(Task item)
The response consists of the lines from the start of the material below through the line holding "Scope : Scope", repeated word for word and without pictures.

(Entries shown)
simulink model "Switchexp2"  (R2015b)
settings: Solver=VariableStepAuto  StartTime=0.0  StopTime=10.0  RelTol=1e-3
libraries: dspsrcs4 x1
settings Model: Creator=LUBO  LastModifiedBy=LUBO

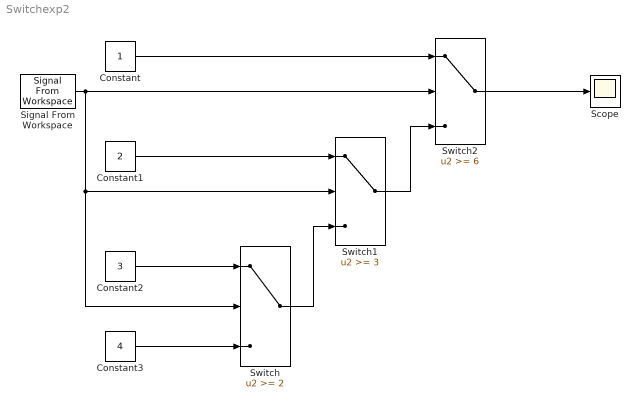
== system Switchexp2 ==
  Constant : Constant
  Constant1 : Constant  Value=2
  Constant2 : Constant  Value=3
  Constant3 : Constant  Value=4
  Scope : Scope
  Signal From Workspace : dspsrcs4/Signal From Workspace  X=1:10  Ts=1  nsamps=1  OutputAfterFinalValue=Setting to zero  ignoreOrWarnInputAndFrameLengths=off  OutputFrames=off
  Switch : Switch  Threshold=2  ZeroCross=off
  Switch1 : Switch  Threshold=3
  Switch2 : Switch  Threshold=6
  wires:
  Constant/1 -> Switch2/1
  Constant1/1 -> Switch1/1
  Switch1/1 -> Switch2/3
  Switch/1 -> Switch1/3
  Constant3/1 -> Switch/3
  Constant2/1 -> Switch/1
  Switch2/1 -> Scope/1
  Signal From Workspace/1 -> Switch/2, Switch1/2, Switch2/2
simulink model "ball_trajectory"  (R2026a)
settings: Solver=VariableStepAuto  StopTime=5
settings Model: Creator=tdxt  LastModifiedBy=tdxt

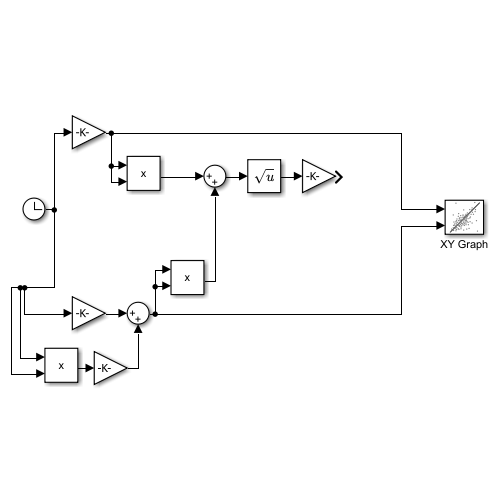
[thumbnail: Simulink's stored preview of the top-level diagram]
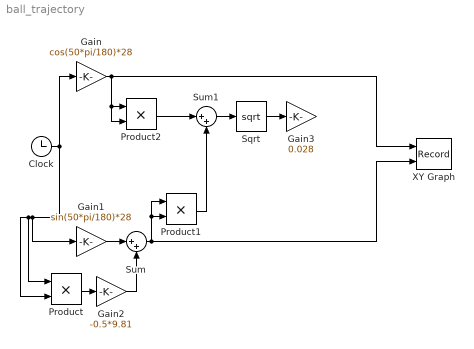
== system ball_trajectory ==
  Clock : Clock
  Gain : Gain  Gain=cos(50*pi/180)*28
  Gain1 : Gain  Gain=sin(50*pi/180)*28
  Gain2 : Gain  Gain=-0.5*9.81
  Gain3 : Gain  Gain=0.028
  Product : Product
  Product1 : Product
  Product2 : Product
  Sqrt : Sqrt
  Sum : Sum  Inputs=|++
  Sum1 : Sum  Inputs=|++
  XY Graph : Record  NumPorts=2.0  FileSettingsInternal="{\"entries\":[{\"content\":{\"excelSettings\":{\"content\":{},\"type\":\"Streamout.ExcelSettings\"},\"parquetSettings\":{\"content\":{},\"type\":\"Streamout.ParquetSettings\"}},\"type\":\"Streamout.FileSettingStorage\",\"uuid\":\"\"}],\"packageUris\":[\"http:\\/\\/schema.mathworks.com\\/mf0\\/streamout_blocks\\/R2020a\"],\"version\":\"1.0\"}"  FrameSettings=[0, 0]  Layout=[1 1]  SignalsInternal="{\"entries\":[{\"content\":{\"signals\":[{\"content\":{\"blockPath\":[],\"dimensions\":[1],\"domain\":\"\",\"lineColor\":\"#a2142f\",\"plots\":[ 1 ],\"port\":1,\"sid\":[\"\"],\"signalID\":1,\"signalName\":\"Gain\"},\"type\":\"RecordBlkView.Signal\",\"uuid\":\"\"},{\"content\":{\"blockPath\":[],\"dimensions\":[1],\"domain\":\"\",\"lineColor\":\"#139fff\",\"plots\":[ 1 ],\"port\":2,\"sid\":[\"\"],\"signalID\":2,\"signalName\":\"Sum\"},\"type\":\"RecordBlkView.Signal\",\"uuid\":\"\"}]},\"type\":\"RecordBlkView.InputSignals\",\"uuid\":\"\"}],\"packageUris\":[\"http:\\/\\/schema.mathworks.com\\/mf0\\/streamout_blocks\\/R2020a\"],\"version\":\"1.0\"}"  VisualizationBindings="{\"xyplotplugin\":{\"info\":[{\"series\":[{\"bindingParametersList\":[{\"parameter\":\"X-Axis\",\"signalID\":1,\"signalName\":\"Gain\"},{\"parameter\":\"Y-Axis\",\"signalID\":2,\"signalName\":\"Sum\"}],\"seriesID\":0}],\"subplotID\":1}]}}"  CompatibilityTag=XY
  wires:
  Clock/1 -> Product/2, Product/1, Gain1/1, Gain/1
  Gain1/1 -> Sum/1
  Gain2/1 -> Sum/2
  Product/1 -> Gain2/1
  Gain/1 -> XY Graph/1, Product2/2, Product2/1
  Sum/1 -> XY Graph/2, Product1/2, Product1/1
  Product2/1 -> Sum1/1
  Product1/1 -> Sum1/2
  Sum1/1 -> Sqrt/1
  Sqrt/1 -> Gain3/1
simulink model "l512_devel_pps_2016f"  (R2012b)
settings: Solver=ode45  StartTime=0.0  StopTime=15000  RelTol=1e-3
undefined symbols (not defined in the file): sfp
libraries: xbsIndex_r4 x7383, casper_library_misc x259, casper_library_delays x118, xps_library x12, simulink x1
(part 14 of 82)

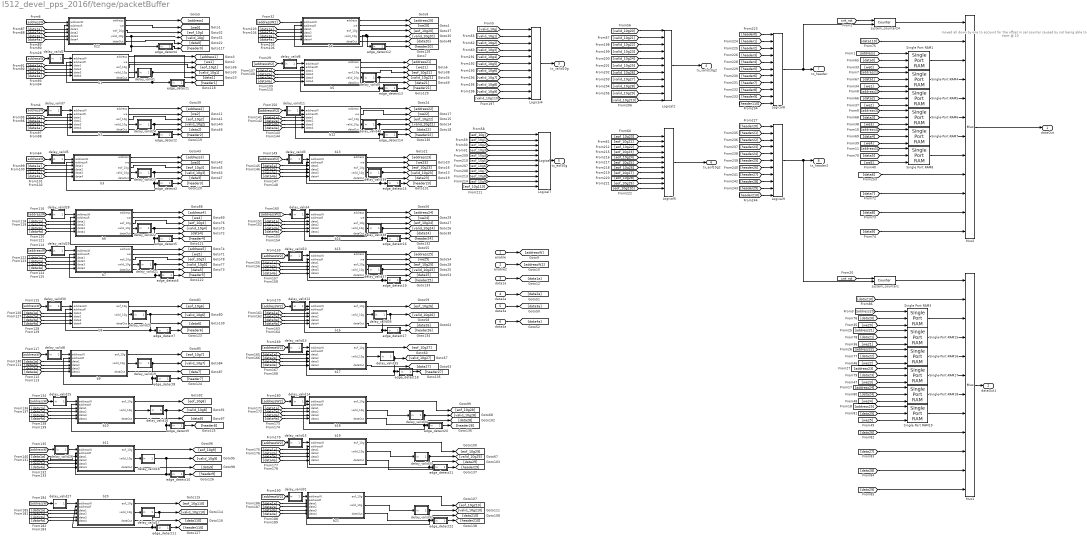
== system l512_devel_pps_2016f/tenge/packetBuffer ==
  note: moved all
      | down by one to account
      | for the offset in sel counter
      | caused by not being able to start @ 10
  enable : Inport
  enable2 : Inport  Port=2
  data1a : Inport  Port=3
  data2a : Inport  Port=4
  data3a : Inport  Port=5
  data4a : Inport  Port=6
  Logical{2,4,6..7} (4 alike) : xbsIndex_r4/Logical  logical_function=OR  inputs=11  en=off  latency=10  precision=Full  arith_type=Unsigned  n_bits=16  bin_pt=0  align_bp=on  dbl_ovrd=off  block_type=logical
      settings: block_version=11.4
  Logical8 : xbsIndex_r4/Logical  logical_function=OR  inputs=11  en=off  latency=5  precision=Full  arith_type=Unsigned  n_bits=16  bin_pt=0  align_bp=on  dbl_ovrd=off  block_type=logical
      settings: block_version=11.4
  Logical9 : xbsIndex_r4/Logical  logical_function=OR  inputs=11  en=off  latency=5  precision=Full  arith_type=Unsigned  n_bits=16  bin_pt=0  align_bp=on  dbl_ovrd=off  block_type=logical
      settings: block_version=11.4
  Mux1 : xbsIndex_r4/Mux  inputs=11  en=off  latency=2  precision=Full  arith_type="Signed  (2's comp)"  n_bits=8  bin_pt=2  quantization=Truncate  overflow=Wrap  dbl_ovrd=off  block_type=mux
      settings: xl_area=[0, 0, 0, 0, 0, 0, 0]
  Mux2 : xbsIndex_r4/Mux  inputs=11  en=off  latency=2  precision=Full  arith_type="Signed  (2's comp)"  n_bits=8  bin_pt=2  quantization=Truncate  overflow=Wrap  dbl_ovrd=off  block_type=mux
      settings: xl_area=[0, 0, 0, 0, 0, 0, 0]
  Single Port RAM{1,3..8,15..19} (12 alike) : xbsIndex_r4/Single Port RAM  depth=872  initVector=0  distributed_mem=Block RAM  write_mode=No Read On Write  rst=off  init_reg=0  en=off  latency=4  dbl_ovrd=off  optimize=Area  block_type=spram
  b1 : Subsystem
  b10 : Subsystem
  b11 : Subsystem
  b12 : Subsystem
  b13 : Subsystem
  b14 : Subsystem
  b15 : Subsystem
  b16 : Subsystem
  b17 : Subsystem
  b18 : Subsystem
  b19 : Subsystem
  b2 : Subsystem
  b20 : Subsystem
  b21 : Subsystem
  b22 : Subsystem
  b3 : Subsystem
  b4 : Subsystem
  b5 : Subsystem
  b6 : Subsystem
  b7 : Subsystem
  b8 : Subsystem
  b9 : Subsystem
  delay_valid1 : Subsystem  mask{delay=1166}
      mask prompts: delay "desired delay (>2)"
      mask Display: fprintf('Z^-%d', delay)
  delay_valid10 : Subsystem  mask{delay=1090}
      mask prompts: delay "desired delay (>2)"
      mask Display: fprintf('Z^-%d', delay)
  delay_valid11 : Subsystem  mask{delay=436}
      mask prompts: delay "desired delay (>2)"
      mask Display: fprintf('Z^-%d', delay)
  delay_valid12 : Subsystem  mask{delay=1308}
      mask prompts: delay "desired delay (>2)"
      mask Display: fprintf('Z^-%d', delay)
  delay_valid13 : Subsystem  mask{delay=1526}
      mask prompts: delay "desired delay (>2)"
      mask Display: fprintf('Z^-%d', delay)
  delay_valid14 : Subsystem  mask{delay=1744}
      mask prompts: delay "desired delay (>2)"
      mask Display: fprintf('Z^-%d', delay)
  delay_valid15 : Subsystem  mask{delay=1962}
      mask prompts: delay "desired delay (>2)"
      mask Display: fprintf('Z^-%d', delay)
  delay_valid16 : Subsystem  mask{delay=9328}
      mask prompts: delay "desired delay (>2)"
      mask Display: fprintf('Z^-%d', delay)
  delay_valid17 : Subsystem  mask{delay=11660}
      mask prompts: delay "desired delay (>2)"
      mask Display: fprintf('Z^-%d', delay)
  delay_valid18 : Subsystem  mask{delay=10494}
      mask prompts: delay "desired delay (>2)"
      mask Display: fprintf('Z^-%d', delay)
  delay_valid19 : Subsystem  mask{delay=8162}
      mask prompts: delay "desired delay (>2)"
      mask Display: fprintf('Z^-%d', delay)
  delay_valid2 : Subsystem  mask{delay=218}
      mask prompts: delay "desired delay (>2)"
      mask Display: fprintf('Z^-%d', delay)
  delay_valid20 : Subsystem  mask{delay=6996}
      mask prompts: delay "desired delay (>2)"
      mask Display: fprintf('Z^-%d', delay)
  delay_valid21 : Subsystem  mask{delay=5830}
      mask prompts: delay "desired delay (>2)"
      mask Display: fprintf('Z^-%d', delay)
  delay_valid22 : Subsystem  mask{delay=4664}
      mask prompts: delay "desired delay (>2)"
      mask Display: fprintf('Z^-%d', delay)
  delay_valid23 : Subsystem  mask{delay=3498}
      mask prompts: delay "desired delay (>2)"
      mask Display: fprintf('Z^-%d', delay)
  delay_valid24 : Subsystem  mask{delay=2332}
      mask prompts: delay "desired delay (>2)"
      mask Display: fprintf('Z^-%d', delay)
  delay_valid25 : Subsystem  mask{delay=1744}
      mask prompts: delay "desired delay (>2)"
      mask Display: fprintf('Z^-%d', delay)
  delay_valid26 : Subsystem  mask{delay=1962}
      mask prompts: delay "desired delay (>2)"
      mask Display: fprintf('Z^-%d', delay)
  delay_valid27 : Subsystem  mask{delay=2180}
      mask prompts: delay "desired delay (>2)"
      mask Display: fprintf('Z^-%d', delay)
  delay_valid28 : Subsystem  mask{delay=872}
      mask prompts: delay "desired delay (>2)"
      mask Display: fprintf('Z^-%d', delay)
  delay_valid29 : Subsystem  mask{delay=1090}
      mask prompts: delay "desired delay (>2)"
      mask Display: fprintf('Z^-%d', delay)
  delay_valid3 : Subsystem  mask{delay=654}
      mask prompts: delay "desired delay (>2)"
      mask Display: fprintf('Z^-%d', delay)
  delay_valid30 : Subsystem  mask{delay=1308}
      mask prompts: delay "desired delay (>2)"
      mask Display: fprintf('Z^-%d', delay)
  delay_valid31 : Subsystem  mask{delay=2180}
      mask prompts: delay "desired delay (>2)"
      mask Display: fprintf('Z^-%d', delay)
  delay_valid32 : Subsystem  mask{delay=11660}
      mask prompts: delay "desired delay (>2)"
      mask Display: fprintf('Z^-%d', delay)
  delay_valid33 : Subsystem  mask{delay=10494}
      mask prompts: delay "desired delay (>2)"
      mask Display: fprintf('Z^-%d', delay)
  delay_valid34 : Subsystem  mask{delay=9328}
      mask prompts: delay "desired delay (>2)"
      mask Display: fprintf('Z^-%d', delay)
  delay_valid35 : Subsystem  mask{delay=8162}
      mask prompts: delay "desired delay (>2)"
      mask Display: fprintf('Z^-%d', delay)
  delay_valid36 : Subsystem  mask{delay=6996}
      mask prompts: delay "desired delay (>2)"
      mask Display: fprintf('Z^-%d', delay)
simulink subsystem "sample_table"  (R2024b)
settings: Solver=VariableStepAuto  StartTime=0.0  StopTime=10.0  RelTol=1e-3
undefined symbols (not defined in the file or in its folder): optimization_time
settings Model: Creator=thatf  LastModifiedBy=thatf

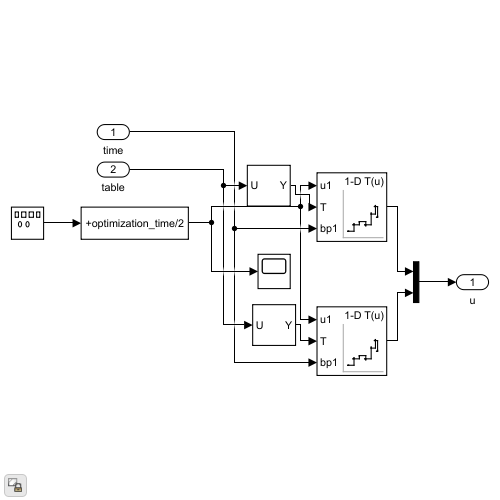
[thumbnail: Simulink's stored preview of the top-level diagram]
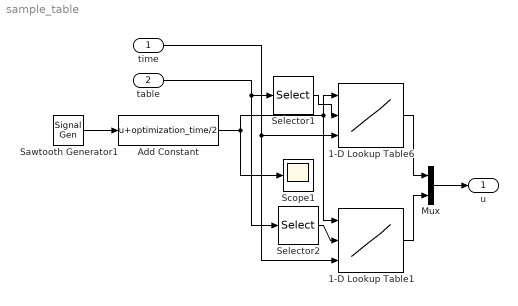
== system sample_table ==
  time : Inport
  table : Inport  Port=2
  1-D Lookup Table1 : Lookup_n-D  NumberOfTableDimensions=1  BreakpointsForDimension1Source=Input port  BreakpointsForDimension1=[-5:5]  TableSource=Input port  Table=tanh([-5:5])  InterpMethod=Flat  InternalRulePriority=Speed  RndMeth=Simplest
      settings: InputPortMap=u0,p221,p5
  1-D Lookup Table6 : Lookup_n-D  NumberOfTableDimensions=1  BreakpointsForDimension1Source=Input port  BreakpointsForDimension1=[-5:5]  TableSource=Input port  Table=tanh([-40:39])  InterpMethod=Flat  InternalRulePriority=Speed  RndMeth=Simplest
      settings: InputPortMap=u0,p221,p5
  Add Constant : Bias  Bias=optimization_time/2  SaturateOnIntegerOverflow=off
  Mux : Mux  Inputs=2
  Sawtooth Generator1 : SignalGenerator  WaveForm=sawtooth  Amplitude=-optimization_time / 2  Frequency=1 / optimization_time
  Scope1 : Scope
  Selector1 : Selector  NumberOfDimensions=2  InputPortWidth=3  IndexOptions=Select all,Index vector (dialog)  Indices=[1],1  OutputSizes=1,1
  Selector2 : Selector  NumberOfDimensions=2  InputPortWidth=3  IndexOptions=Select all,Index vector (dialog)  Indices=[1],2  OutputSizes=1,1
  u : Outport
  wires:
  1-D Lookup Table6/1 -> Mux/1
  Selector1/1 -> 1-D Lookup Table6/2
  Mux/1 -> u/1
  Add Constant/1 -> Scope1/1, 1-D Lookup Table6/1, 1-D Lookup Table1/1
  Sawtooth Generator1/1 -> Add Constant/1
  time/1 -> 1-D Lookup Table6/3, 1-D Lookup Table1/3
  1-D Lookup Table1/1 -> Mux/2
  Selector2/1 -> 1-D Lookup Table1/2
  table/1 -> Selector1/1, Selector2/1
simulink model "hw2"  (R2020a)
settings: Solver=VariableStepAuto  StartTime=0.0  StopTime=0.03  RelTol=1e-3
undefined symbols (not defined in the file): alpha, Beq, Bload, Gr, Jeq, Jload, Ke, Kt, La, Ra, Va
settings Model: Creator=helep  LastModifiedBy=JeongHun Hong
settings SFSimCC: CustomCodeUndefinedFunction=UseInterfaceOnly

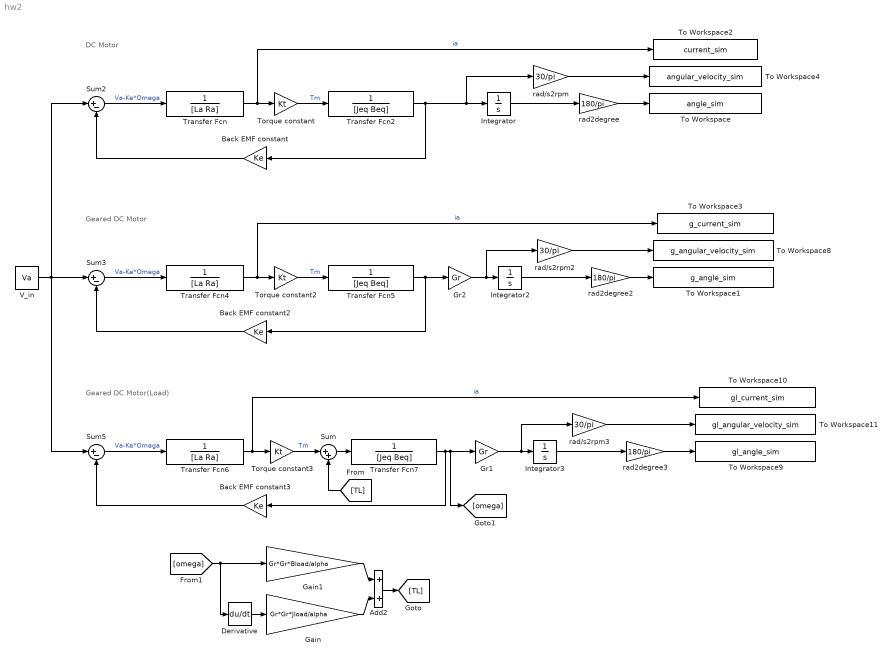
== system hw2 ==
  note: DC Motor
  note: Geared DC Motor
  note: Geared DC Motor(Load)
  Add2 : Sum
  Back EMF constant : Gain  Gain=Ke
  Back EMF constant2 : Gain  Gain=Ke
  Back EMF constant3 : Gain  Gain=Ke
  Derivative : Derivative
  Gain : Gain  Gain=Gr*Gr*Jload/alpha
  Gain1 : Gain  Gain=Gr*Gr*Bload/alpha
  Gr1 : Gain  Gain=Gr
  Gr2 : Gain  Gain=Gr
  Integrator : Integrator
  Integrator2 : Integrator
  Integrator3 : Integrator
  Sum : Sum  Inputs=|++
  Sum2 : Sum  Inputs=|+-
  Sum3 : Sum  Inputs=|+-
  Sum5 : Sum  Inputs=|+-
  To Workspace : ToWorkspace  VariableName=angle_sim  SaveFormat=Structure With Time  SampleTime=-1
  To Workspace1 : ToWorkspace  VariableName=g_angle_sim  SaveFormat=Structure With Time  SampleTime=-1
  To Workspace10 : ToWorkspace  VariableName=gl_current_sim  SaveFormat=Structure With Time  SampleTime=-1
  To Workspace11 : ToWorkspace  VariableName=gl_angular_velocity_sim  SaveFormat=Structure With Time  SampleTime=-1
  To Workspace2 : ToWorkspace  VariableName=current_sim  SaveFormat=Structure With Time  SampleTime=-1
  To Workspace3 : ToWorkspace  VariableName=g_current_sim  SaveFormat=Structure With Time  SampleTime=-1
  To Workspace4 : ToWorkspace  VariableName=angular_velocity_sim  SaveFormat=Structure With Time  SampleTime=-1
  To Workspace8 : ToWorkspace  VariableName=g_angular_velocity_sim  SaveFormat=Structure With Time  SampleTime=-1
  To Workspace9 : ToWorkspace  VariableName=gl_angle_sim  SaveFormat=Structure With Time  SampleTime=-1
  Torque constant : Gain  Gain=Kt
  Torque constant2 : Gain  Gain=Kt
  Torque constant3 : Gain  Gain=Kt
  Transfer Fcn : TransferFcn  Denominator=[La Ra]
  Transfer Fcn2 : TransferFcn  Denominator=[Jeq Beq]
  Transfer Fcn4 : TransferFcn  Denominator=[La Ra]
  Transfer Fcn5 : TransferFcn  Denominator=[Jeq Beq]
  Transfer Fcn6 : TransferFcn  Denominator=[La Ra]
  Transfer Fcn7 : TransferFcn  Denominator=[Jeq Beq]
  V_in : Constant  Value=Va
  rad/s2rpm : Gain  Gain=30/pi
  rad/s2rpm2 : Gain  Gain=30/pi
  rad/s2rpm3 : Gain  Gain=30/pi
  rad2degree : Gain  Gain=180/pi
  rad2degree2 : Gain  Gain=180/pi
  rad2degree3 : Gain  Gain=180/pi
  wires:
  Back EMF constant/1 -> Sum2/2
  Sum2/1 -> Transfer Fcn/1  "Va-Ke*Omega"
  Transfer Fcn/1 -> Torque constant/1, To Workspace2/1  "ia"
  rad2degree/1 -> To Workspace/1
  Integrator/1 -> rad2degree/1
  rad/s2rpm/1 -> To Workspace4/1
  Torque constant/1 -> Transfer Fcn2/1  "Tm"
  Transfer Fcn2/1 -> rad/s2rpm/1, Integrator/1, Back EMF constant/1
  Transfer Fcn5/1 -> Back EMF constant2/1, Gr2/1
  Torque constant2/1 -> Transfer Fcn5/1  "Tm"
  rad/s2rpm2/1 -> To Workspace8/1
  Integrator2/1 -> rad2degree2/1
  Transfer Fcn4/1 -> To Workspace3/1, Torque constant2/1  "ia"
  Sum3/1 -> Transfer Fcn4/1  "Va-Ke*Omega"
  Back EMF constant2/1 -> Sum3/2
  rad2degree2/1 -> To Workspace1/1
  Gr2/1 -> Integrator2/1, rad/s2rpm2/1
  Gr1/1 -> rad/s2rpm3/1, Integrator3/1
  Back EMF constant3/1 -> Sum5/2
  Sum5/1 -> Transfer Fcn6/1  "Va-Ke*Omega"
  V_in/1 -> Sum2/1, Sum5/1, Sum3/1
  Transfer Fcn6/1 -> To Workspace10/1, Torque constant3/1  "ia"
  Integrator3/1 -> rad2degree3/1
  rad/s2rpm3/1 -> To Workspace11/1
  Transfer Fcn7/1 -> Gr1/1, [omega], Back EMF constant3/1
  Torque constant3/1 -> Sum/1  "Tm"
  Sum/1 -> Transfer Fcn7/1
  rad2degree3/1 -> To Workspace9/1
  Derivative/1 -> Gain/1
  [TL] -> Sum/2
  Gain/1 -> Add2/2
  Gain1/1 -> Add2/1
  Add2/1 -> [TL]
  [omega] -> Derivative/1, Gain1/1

(Written response)
simulink model "Switchexp2"  (R2015b)
settings: Solver=VariableStepAuto  StartTime=0.0  StopTime=10.0  RelTol=1e-3
libraries: dspsrcs4 x1
settings Model: Creator=LUBO  LastModifiedBy=LUBO

== system Switchexp2 ==
  Constant : Constant
  Constant1 : Constant  Value=2
  Constant2 : Constant  Value=3
  Constant3 : Constant  Value=4
  Scope : Scope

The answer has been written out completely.